昭和の風林史(昭和四六年八月二十八日掲載分)

基本姿勢不変 再度押し目買い

押したところは買われる。たえず買い玉を持っておらなければならない相場である。強気不変。

「乗換の駅しづかなり秋の蝉 松太郎」

山大商事の杉山元帥は見事に軍を退いてしまった。鮮やかな采配である。

『弱気になったわけではないが、新穀の一万七千円近いところは、凶作相場といえる。当初の目標値に達したので、お客さんに利食いをすすめた。また、売り方の踏みで市場が緊迫しているため市場維持のためにも買い玉を降りた。聞けばいよいよ作柄は憂慮すべき事態にあるようで、われわれこの業界にあるものとしては理性と良識によって今後とも対処しなければならない。なお、しばらくは成り行きを静観するつもりだ』。
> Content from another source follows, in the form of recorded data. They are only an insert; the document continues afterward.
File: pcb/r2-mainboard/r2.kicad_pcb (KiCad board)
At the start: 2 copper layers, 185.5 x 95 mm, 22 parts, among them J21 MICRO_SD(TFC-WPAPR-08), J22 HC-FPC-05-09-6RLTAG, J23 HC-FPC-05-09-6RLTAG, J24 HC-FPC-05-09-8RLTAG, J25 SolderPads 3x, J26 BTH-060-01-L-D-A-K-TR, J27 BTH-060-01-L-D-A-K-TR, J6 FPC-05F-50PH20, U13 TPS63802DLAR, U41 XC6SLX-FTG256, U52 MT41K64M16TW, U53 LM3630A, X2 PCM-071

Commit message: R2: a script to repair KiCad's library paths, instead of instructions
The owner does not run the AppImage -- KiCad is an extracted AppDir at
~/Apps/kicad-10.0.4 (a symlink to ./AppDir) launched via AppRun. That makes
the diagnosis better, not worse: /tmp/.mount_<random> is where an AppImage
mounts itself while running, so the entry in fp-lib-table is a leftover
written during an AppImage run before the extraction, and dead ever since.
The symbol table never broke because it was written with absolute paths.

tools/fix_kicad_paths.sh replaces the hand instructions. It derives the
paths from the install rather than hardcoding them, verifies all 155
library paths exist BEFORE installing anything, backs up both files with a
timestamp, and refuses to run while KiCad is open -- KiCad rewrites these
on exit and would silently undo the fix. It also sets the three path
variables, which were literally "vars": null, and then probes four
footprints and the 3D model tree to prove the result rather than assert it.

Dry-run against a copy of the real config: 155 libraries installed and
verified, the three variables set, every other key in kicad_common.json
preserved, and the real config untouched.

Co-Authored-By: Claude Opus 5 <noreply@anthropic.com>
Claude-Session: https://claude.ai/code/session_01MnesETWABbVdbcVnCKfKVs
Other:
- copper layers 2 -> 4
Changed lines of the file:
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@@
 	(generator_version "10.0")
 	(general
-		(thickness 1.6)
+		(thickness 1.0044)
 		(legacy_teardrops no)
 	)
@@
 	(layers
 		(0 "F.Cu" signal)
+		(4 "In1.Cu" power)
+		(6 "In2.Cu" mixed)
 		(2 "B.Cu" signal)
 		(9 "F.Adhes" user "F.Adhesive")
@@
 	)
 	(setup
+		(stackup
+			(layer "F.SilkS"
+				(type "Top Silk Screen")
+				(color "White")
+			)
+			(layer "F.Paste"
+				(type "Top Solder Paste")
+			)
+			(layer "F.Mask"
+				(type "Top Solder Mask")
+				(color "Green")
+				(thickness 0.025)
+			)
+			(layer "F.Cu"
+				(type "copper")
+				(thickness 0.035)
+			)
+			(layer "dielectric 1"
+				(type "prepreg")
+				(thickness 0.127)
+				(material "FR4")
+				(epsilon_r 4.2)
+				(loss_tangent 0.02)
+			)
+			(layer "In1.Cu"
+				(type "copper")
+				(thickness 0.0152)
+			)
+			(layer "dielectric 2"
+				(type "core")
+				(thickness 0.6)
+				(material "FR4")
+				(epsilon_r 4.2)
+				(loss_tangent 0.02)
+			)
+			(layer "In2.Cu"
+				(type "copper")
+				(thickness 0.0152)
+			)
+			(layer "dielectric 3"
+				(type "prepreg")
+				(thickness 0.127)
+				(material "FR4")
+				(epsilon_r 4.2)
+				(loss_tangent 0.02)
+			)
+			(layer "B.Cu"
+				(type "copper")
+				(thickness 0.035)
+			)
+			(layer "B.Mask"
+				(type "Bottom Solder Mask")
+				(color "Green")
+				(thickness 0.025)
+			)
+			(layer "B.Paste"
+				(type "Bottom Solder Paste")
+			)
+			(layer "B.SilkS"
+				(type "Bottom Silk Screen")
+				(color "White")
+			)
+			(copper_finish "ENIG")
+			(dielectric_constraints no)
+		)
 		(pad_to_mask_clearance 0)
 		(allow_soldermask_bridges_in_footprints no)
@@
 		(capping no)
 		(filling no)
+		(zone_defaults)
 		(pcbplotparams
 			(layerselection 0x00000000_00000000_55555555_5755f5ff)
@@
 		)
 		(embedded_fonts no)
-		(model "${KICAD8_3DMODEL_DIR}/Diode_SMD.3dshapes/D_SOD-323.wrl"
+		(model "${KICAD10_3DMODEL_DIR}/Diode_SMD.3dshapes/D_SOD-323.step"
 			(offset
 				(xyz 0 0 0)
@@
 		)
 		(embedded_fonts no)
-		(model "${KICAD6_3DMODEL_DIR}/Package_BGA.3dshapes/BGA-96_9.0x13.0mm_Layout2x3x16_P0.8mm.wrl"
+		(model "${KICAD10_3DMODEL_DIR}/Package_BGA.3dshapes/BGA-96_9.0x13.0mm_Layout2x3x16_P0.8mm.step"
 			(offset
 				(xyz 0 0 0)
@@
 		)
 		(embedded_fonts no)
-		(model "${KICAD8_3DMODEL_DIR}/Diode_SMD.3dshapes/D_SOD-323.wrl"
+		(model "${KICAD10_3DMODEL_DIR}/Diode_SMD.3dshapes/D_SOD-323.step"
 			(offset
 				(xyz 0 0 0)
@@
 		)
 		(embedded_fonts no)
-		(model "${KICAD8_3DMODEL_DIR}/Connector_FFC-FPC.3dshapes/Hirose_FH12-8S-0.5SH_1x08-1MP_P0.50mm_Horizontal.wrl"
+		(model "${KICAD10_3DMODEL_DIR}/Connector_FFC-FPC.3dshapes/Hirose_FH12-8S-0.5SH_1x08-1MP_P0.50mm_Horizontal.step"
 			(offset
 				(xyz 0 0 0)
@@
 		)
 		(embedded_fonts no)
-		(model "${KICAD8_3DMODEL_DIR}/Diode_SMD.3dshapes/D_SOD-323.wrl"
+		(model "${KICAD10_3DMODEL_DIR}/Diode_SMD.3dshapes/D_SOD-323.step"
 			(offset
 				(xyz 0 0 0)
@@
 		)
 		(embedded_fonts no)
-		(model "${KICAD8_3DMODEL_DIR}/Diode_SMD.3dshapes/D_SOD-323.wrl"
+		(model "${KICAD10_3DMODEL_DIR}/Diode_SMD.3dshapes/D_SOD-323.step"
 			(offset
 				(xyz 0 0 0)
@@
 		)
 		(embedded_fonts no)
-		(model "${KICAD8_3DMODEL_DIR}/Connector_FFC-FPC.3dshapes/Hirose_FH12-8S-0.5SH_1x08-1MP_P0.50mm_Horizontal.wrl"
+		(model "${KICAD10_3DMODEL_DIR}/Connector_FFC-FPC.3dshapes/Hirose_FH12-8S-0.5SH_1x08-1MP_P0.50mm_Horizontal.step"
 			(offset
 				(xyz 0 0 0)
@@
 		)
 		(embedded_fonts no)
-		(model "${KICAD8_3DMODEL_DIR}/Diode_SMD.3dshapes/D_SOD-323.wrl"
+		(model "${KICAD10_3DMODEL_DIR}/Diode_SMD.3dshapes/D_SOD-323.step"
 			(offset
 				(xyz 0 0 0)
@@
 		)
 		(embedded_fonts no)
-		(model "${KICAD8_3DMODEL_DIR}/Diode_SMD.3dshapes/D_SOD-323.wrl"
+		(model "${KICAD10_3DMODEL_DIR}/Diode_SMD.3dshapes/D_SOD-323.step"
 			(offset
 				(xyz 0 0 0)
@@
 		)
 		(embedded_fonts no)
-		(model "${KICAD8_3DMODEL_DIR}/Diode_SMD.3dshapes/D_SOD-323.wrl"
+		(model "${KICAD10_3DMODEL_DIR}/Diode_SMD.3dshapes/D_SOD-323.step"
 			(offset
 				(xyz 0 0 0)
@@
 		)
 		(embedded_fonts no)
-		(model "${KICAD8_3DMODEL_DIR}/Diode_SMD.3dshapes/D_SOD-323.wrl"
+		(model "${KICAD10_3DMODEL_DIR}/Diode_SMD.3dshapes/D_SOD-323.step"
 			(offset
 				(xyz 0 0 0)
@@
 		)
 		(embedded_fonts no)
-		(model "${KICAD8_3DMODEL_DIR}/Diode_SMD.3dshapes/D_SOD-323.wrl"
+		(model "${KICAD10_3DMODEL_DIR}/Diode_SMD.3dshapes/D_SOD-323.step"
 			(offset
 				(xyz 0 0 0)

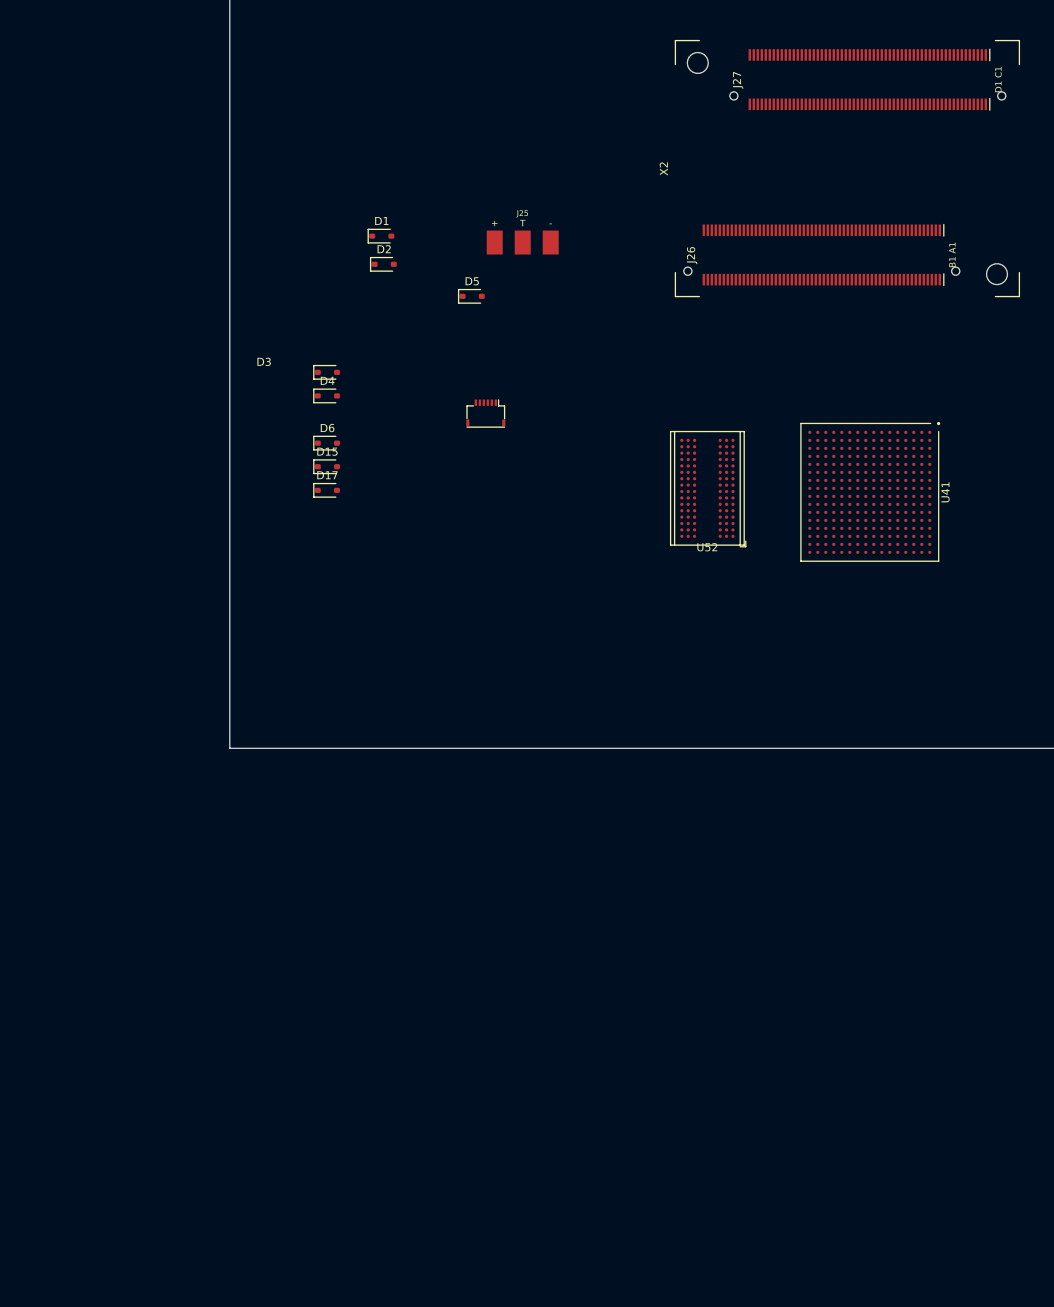
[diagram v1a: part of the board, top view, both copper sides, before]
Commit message: R2: place the two receptacles from X2, and fix three bugs found doing it
The connectors move as one now. tools/place_som.py reads X2's position and
rotation, snaps J26/J27 onto their exact offsets, and puts all three into a
KiCad group -- so from here you drag the SoM, not three parts that have to
agree with each other. It backs up the board, refuses to run while KiCad is
open, and re-runs the geometry check to prove its own result.

That symmetry is the reason this is a tool and not an instruction: the two
offsets are exact negatives about X2's origin, so an error of the wrong kind
does not shift a connector slightly, it puts J26 where J27 belongs. The
module still seats and every one of 240 nets is on the wrong receptacle.

Three bugs, all mine:

1. check_pcb_connectors.py had the rotation sign backwards, which SWAPPED
   the two expected positions. It reported a hand placement that was 0.9 mm
   and 0.2 mm out as 22 mm out, and would equally have blessed a board with
   the connectors exchanged. Settled empirically from a drill export rather
   than by reasoning: J26's alignment holes are asymmetric in x, so they
   distinguish the conventions. Confirmed twice, against X2's M2.5 holes too.

2. gen_som_footprint.py wrote (layer "User.Drawings"), which is KiCad's
   display alias; a board file needs the canonical Dwgs.User. The footprint
   editor accepts the alias, so the library exported fine -- but on import
   Pcbnew put those rects on a layer literally named "Rescue", and from then
   on kicad-cli could not read the board at all. Every pcb subcommand had
   been failing since the board was created.

3. Which made a third bug visible: check_pcb.py read /tmp/r2-drc.json
   without checking that the run succeeded, so it reported the previous
   run's numbers. A board that would not open was described as having 4250
   DRC violations. It now deletes the report first and says DID NOT RUN.

Real DRC, now that it runs: 742 violations, 499 unconnected -- which is what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
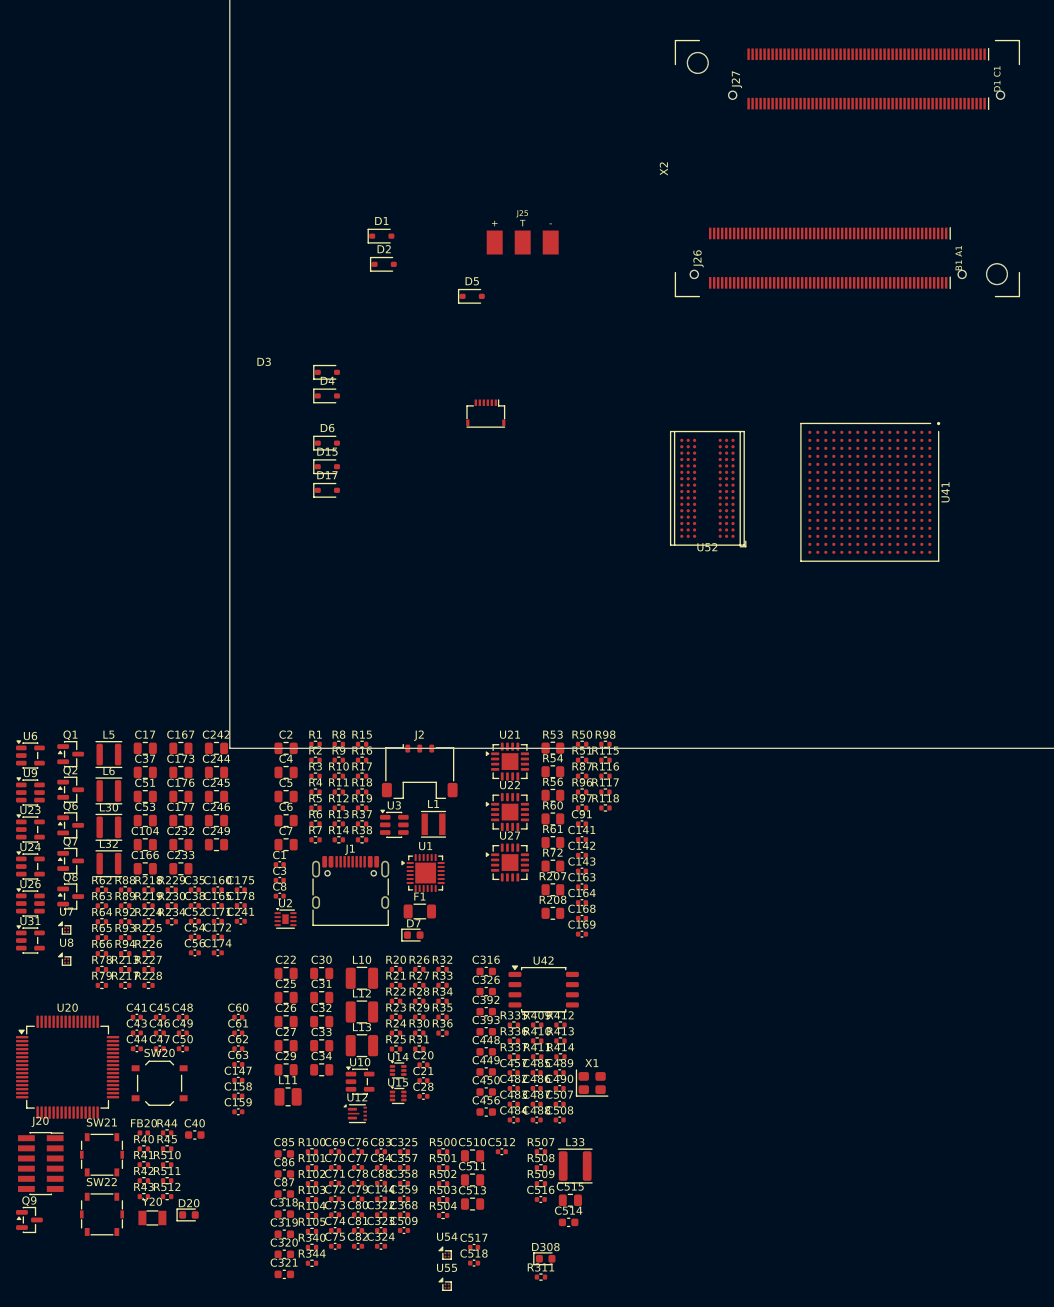
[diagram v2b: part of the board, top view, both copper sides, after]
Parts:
- added C1: 1uF/25V, Capacitor_SMD:C_0402_1005Metric, F.Cu at (93.2, 128.0)
- added C104: 22uF/10V, Capacitor_SMD:C_0805_2012Metric, F.Cu at (76.4, 125.5)
- added C141: 100nF/50V, Capacitor_SMD:C_0402_1005Metric, F.Cu at (131.0, 124.9)
- added C142: 100nF/50V, Capacitor_SMD:C_0402_1005Metric, F.Cu at (131.0, 126.9)
- added C143: 100nF/50V, Capacitor_SMD:C_0402_1005Metric, F.Cu at (131.0, 128.8)
- added C144: 100nF/50V, Capacitor_SMD:C_0402_1005Metric, F.Cu at (105.9, 169.8)
- added C147: 100nF/50V, Capacitor_SMD:C_0402_1005Metric, F.Cu at (88.1, 155.0)
- added C158: 100nF/50V, Capacitor_SMD:C_0402_1005Metric, F.Cu at (88.1, 157.0)
- added C159: 100nF/50V, Capacitor_SMD:C_0402_1005Metric, F.Cu at (88.1, 158.9)
- added C160: 100nF/50V, Capacitor_SMD:C_0402_1005Metric, F.Cu at (85.5, 131.2)
- added C163: 1nF/25V, Capacitor_SMD:C_0402_1005Metric, F.Cu at (131.0, 130.8)
- added C164: 1nF/25V, Capacitor_SMD:C_0402_1005Metric, F.Cu at (131.0, 132.8)
- added C165: 18pF/50V, Capacitor_SMD:C_0402_1005Metric, F.Cu at (85.5, 133.2)
- added C166: 4.7uF/50V, Capacitor_SMD:C_0805_2012Metric, F.Cu at (76.4, 128.6)
- added C167: 4.7uF/50V, Capacitor_SMD:C_0805_2012Metric, F.Cu at (80.9, 113.5)
- added C168: 1nF/25V, Capacitor_SMD:C_0402_1005Metric, F.Cu at (131.0, 134.8)
- added C169: 1nF/25V, Capacitor_SMD:C_0402_1005Metric, F.Cu at (131.0, 136.7)
- added C17: 22uF/10V, Capacitor_SMD:C_0805_2012Metric, F.Cu at (76.4, 113.5)
- added C171: 100nF/50V, Capacitor_SMD:C_0402_1005Metric, F.Cu at (85.5, 135.1)
- added C172: 470nF/25V, Capacitor_SMD:C_0402_1005Metric, F.Cu at (85.5, 137.1)
- added C173: 4.7uF/50V, Capacitor_SMD:C_0805_2012Metric, F.Cu at (80.9, 116.5)
- added C174: 100nF/50V, Capacitor_SMD:C_0402_1005Metric, F.Cu at (85.5, 139.1)
- added C175: 18pF/50V, Capacitor_SMD:C_0402_1005Metric, F.Cu at (88.4, 131.2)
- added C176: 4.7uF/50V, Capacitor_SMD:C_0805_2012Metric, F.Cu at (80.9, 119.5)
- added C177: 4.7uF/50V, Capacitor_SMD:C_0805_2012Metric, F.Cu at (80.9, 122.5)
- added C178: 470nF/25V, Capacitor_SMD:C_0402_1005Metric, F.Cu at (88.4, 133.2)
- added C2: 8.2uF/25V, Capacitor_SMD:C_0805_2012Metric, F.Cu at (94.0, 113.5)
- added C20: 1uF/16V, Capacitor_SMD:C_0402_1005Metric, F.Cu at (111.2, 153.1)
- added C21: 1uF/16V, Capacitor_SMD:C_0402_1005Metric, F.Cu at (111.2, 155.0)
- added C22: 22uF/10V, Capacitor_SMD:C_0805_2012Metric, F.Cu at (94.0, 141.6)
- added C232: 22uF/10V, Capacitor_SMD:C_0805_2012Metric, F.Cu at (80.9, 125.5)
- added C233: 4.7uF/50V, Capacitor_SMD:C_0805_2012Metric, F.Cu at (80.9, 128.6)
- added C241: 18pF/50V, Capacitor_SMD:C_0402_1005Metric, F.Cu at (88.4, 135.1)
- added C242: 22uF/10V, Capacitor_SMD:C_0805_2012Metric, F.Cu at (85.3, 113.5)
- added C244: 4.7uF/50V, Capacitor_SMD:C_0805_2012Metric, F.Cu at (85.3, 116.5)
- added C245: 22uF/10V, Capacitor_SMD:C_0805_2012Metric, F.Cu at (85.3, 119.5)
- added C246: 4.7uF/50V, Capacitor_SMD:C_0805_2012Metric, F.Cu at (85.3, 122.5)
- added C249: 22uF/10V, Capacitor_SMD:C_0805_2012Metric, F.Cu at (85.3, 125.5)
- added C25: 22uF/10V, Capacitor_SMD:C_0805_2012Metric, F.Cu at (94.0, 144.7)
- added C26: 22uF/10V, Capacitor_SMD:C_0805_2012Metric, F.Cu at (94.0, 147.7)
- added C27: 22uF/10V, Capacitor_SMD:C_0805_2012Metric, F.Cu at (94.0, 150.7)
- added C28: 100pF/50V, Capacitor_SMD:C_0402_1005Metric, F.Cu at (111.2, 157.0)
- added C29: 10uF/10V, Capacitor_SMD:C_0805_2012Metric, F.Cu at (94.0, 153.7)
- added C3: 47nF/25V, Capacitor_SMD:C_0402_1005Metric, F.Cu at (93.2, 130.0)
- added C30: 22uF/10V, Capacitor_SMD:C_0805_2012Metric, F.Cu at (98.5, 141.6)
- added C31: 4.7uF/10V, Capacitor_SMD:C_0805_2012Metric, F.Cu at (98.5, 144.7)
- added C316: 22uF/6.3V, Capacitor_SMD:C_0603_1608Metric, F.Cu at (119.1, 141.4)
- added C318: 22uF/6.3V, Capacitor_SMD:C_0603_1608Metric, F.Cu at (93.8, 171.7)
- added C319: 22uF/6.3V, Capacitor_SMD:C_0603_1608Metric, F.Cu at (93.8, 174.2)
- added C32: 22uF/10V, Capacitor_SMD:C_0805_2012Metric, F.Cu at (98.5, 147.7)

ここ数日来、さしもの売り方も、かなり踏み込んできた。東京市場26日の大引け先三本は、六千四百九十円、三本揃って鬼哭愁々売り方四九四九の声も悲しい。

さて問題はこれからの相場。

元帥は軍を退いてしまった。残る山梨軍団も次の総踏み場面に向かって堂々の陣を一気に退いてしまうかもしれない。四千枚にのぼる大量の軍は、踏み上げ熱狂の場面でなければ抜けるわけにはいかない。

相場は九月上中旬の早霜を待つ格好になるだろう。寒気団の襲来は、およそ充分に予測できるところで低温、凍結ともなれば、もとよりストップ高である。

今度の高値更新の相場にしても、元帥の利食いがなければ当然ストップ高である。

そこに、遅ればせの高値に飛びついた筋にとってはなんとなく物足りなさを感じたことであろうが、市場維持のためには当然の行為である。

見れば、大衆筋もやや安心買い傾向である。確かに相場は上のものであるが、一巡踏みも出たことだし、先限は開所来の新高値でもあるため、押し目を構成して、次の材料待ちという段階のように思われる。

もちろん今の相場の寿命は長い。第一に場が割れるような熱狂がない。その限りでは煎(い)れ出尽くしにはならないし、押してくれば押したでまた売ってくることであろう。そして作柄が決定的に悪いことは万人承知であるし、安ければ手空きになった買い方が再び玉を仕込みにかかることは目に見えている。

深くは押さない相場であるし、基本的には降霜、凍結を予測してたえず買い玉を持っていなければならない相場である。

●編集部注

下げ要素は騰げが握り、騰げ要素は下げが握る。

この時までは、売買双方、それぞれ相手方を慮った姿勢で、相場に臨んでいる様子が伺える。

一国の産業を舞台にした大博打の中で、総大将のコメントは「則天去私」の趣。極めて冷静である。

ただ大相場では、この冷静さが失われていく。